* I hardly ever post anything from my LJ onto my actual blog, but this time…i just had to do it. I am sick of kissing everyone’s ass, wether it be online or off.
** i
May 04 2010 @ 1240 pm
i’m telling you i am about to loose my mind. I never write here anymore, and i keep saying i’m gonna and all this and that, but honestly i am thinking i should write here more, because i don’t have all the snide bitchy comments here that i would get if i wrote things on my blog. and its funny because the people that leave these comments, well damn, go read their shit, and see if they don’t have their own stupid issues, and they want to run their mouth on me? … some of them have even done the same things as me, and they wanna act like just because they did it and did it first they are so much better
anyways like i’m saying i dont know when people online got so damn judgemental and holier than freaking thou. my livejournal friends/ people from back in the day were….understanding i guess is a word for it.i know i did shit that was nuts but i always felt support. and i always had a way to write and get it out.

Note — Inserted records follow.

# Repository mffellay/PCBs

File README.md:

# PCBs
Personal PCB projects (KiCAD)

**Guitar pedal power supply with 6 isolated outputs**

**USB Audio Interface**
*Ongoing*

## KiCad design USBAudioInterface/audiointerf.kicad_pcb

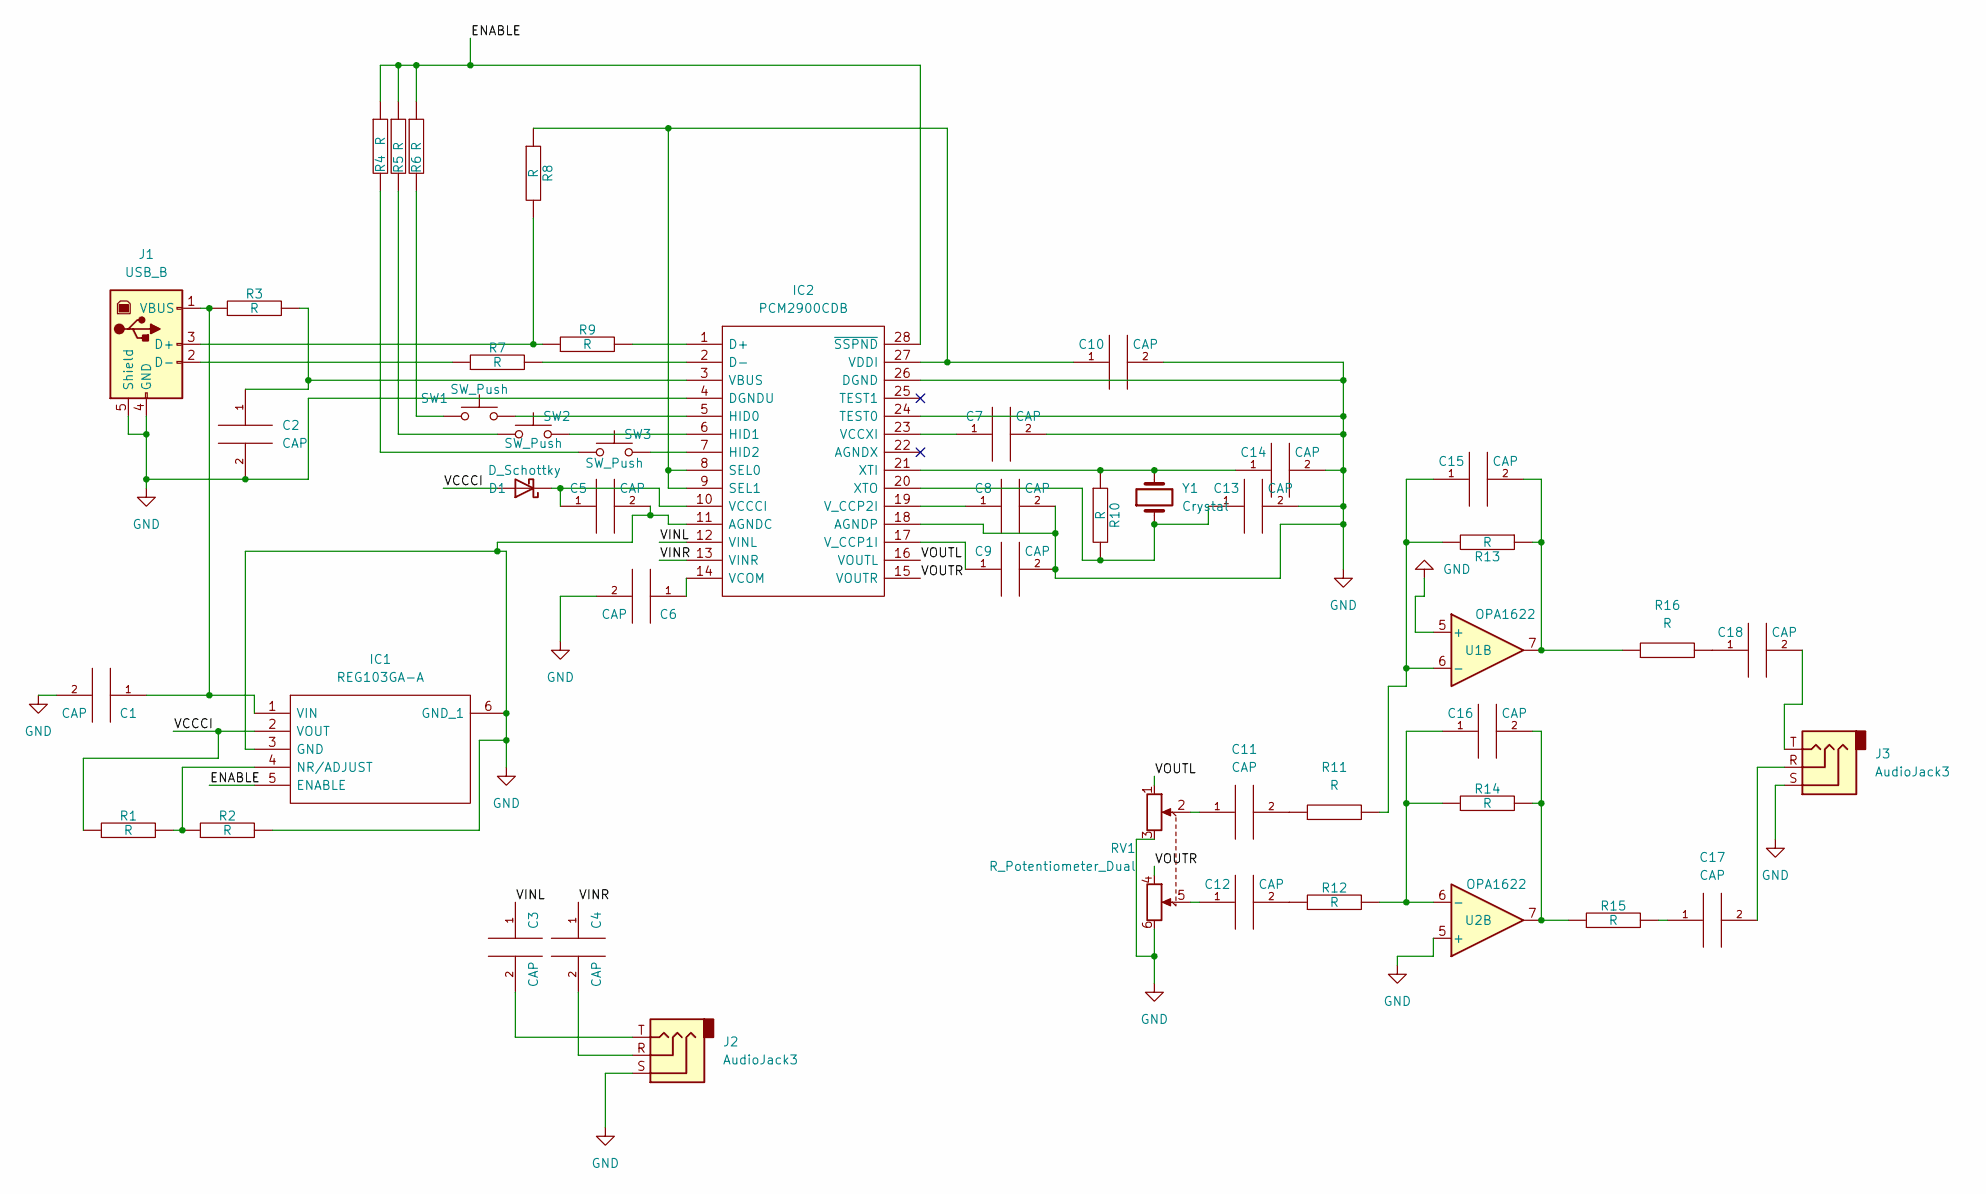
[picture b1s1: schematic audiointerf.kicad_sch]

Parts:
C1, C2, C7, C8, C9, C10, C13, C14, C15, C16, C17, C18: CAP; CP_EIA-2012-15_AVX-P
C3, C4, C5, C6, C11, C12: CAP; CP_Radial_D5.0mm_P2.50mm
D1: D_Schottky; D_2114_3652Metric
IC1: REG103GA-A; SOT-223-6; Manufacturer_Part_Number REG103GA-A; Mouser Part Number 595-REG103GA-A
IC2: PCM2900CDB; SSOP-28_5.3x10.2mm_P0.65mm; Manufacturer_Part_Number PCM2900CDB; Mouser Part Number 595-PCM2900CDB
J1: USB_B; USB_B_Lumberg_2411_02_Horizontal
J2: AudioJack3; Jack_6.35mm_Neutrik_NJ3FD-V_Vertical
J3: AudioJack3; Jack_3.5mm_CUI_SJ-3523-SMT_Horizontal
R1, R2, R3, R4, R5, R6, R7, R8, R9, R10, R11, R12, R13, R14, R15, R16: R; R_0603_1608Metric
RV1: R_Potentiometer_Dual; Potentiometer_Alpha_RD902F-40-00D_Dual_Vertical
SW1, SW2, SW3: SW_Push; SW_CW_GPTS203211B
U1, U2: OPA1622; Texas_S-PVSON-N10
Y1: Crystal; Crystal_DS10_D1.0mm_L4.3mm_Horizontal

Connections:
/ENABLE: IC1.5 (ENABLE), IC2.28 (~SSPND), R4.1, R5.1, R6.1
/VCCCI: D1.2 (A), IC1.2 (VOUT), R1.1
/VINL: C3.1, IC2.12 (VINL)
/VINR: C4.1, IC2.13 (VINR)
/VOUTL: IC2.16 (VOUTL), RV1.1
/VOUTR: IC2.15 (VOUTR), RV1.4
GND: C1.2, C2.2, C5.2, C6.2, C7.2, C8.2, C9.2, C10.2, C13.2, C14.2, IC1.3 (GND), IC1.6 (GND_1), IC2.4 (DGNDU), IC2.11 (AGNDC), IC2.18 (AGNDP), IC2.24 (TEST0), IC2.26 (DGND), J1.4 (GND), J1.5 (Shield), J2.S, J3.S, R2.2, RV1.3, RV1.6, U1.5 (+), U2.5 (+)
unnamed: C1.1, IC1.1 (VIN), J1.1 (VBUS), R3.1
unnamed: C2.1, IC2.3 (VBUS), R3.2
unnamed: C3.2, J2.T
unnamed: C4.2, J2.R
unnamed: C5.1, D1.1 (K), IC2.10 (VCCCI)
unnamed: C6.1, IC2.14 (VCOM)
unnamed: C7.1, IC2.23 (VCCXI)
unnamed: C8.1, IC2.19 (V_CCP2I)
unnamed: C9.1, IC2.17 (V_CCP1I)
unnamed: C10.1, IC2.8 (SEL0), IC2.9 (SEL1), IC2.27 (VDDI), R8.1
unnamed: C11.1, RV1.2
unnamed: C11.2, R11.1
unnamed: C12.1, RV1.5
unnamed: C12.2, R12.1
unnamed: C13.1, IC2.20 (XTO), R10.2, Y1.1
unnamed: C14.1, IC2.21 (XTI), R10.1, Y1.2
unnamed: C16.1, R12.2, R14.1, U2.6 (-)
unnamed: C16.2, R14.2, R15.1, U2.7
unnamed: C17.1, R15.2
unnamed: C17.2, J3.R
unnamed: C18.1, R16.2
unnamed: C18.2, J3.T
unnamed: IC1.4 (NR/ADJUST), R1.2, R2.1
unnamed: IC2.1 (D+), R9.2
unnamed: IC2.2 (D-), R7.2
unnamed: IC2.5 (HID0), SW1.2
unnamed: IC2.6 (HID1), SW2.2
unnamed: IC2.7 (HID2), SW3.2
unnamed: J1.2 (D-), R7.1
unnamed: J1.3 (D+), R8.2, R9.1
unnamed: R4.2, SW3.1
unnamed: R5.2, SW2.1
unnamed: R6.2, SW1.1

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
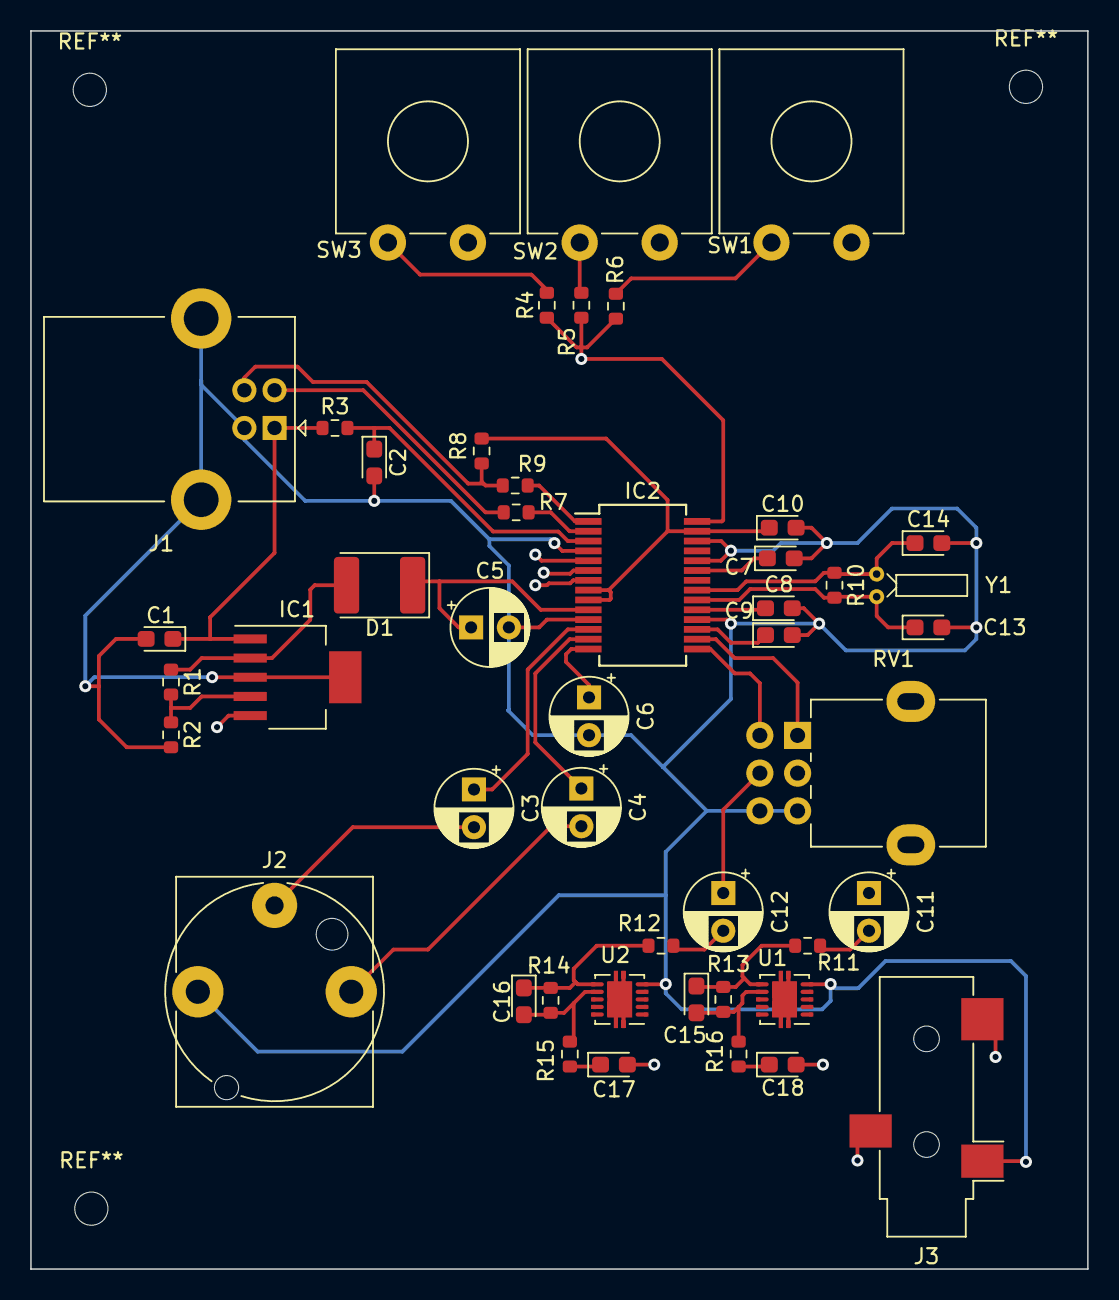
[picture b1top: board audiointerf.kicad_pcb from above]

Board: 4 copper layers, 70.0 x 82.0 mm, 47 parts (0 on the bottom side), 42 nets.

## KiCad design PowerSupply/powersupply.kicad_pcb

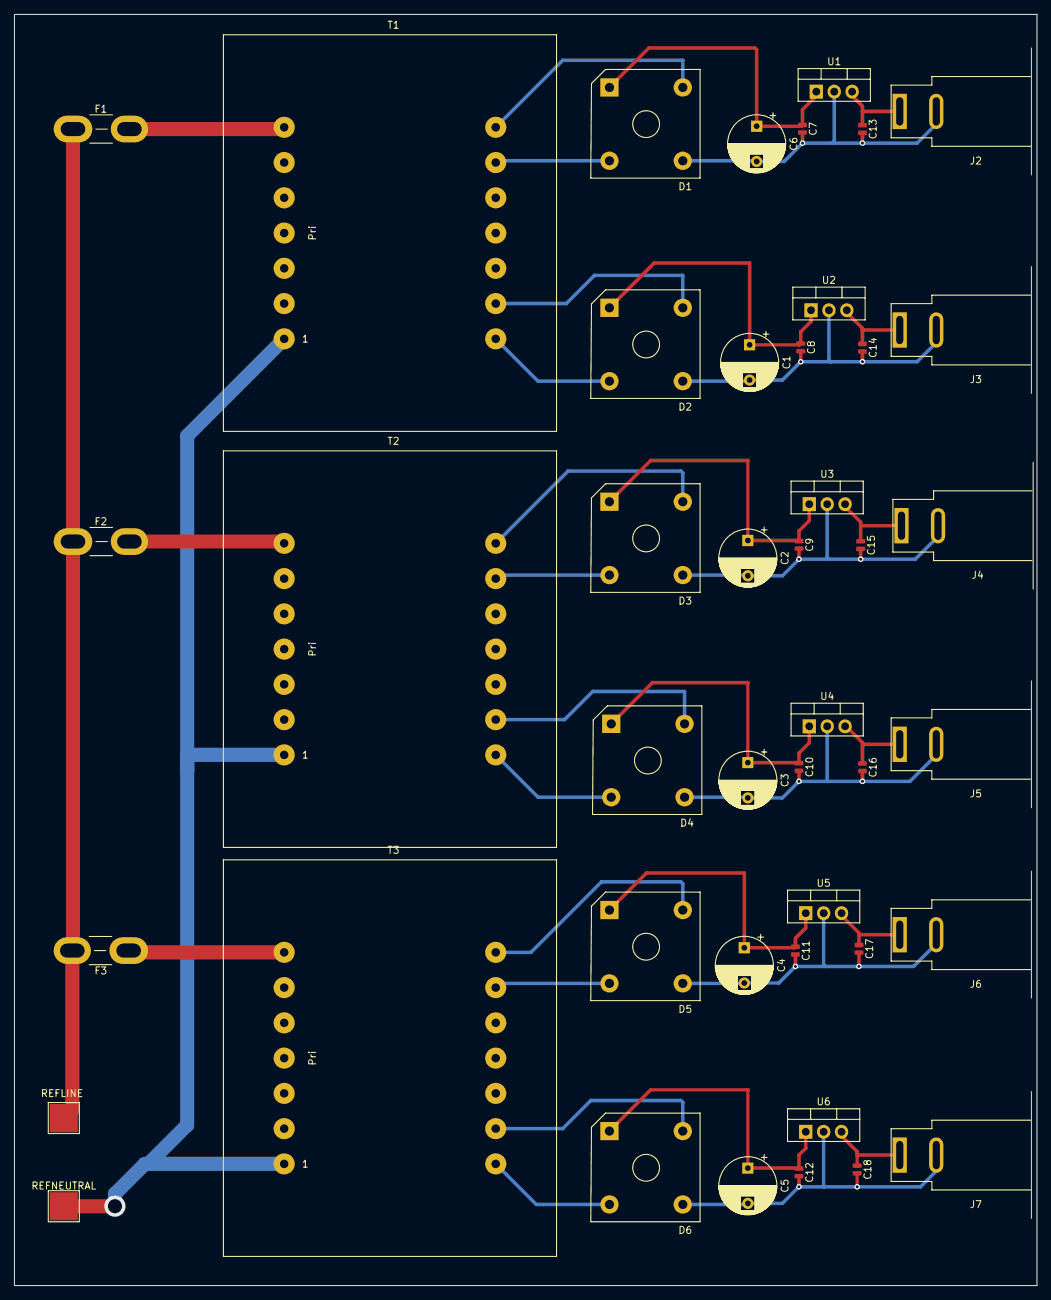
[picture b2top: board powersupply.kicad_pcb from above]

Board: 2 copper layers, 145.0 x 180.2 mm, 44 parts (0 on the bottom side), 30 nets.

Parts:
C1, C2, C3, C4, C5, C6: 470uF; CP_Radial_D8.0mm_P5.00mm
C7, C8, C9, C10, C11, C12: 0.33uF; C_0504_1310Metric
C13, C14, C15, C16, C17, C18: 0.1uF; C_0504_1310Metric
D1, D2, D3, D4, D5, D6: VS-KBPC806; Diode_Bridge_Vishay_KBPC6
F1, F2, F3: Fuse; Fuse_Blade_Mini_directSolder
J2, J3, J4, J5, J6, J7: Jack-DC; BarrelJack_SwitchcraftConxall_RAPC10U_Horizontal
REFLINE: TestPoint_Pad_4.0x4.0mm
REFNEUTRAL: TestPoint_Pad_4.0x4.0mm
T1, T2, T3: Transformer_1P_2S; Transformer_CHK_EI54-12VA_2xSec
U1, U2, U3, U4, U5, U6: L7809; TO-220-3_Vertical

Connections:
GND: C1.2, C2.2, C3.2, C4.2, C5.2, C6.2, C7.2, C8.2, C9.2, C10.2, C11.2, C12.2, C13.2, C14.2, C15.2, C16.2, C17.2, C18.2, D1.3 (-), D2.3 (-), D3.3 (-), D4.3 (-), D5.3 (-), D6.3 (-), J2.2, J3.2, J4.2, J5.2, J6.2, J7.2, U1.2 (GND), U2.2 (GND), U3.2 (GND), U4.2 (GND), U5.2 (GND), U6.2 (GND)
Line: F1.1, F2.1, F3.2, REFLINE.1
unnamed: C1.1, C8.1, D2.1 (+), U2.1 (IN)
unnamed: C2.1, C9.1, D3.1 (+), U3.1 (IN)
unnamed: C6.1, C7.1, D1.1 (+), U1.1 (IN)
unnamed: C3.1, C10.1, D4.1 (+), U4.1 (IN)
unnamed: C4.1, C11.1, D5.1 (+), U5.1 (IN)
unnamed: C5.1, C12.1, D6.1 (+), U6.1 (IN)
unnamed: C13.1, J2.1, U1.3 (OUT)
unnamed: C14.1, J3.1, U2.3 (OUT)
unnamed: C15.1, J4.1, U3.3 (OUT)
unnamed: C16.1, J5.1, U4.3 (OUT)
unnamed: C17.1, J6.1, U5.3 (OUT)
unnamed: C18.1, J7.1, U6.3 (OUT)
unnamed: D1.2, T1.9
unnamed: D1.4, T1.8
unnamed: D2.2, T1.14
unnamed: D2.4, T1.13
unnamed: D3.2, T2.9
unnamed: D3.4, T2.8
unnamed: D4.2, T2.14
unnamed: D4.4, T2.13
unnamed: D5.2, T3.9
unnamed: D5.4, T3.8
unnamed: D6.2, T3.14
unnamed: D6.4, T3.13
unnamed: F1.2, T1.7
unnamed: F2.2, T2.7
unnamed: F3.1, T3.7
Neutral: REFNEUTRAL.1, T1.1 (AA), T2.1 (AA), T3.1 (AA)

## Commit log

2022-10-27 updated files
2022-10-29 updates files
2022-10-31 updated circuit and picture

now i just blog on my site and censor myself because i know better than to try to bring up half the stuff on my mind. ugh. i’m working on changing that though. sick of ass kissing online. sick of if someone your friends with online doesn’t like someone else your friends with online its such an issue. i swear people are reverting back to high school tendancies!
its funny how i’ve noticed alot of people returning to livejournal. and who can blame them?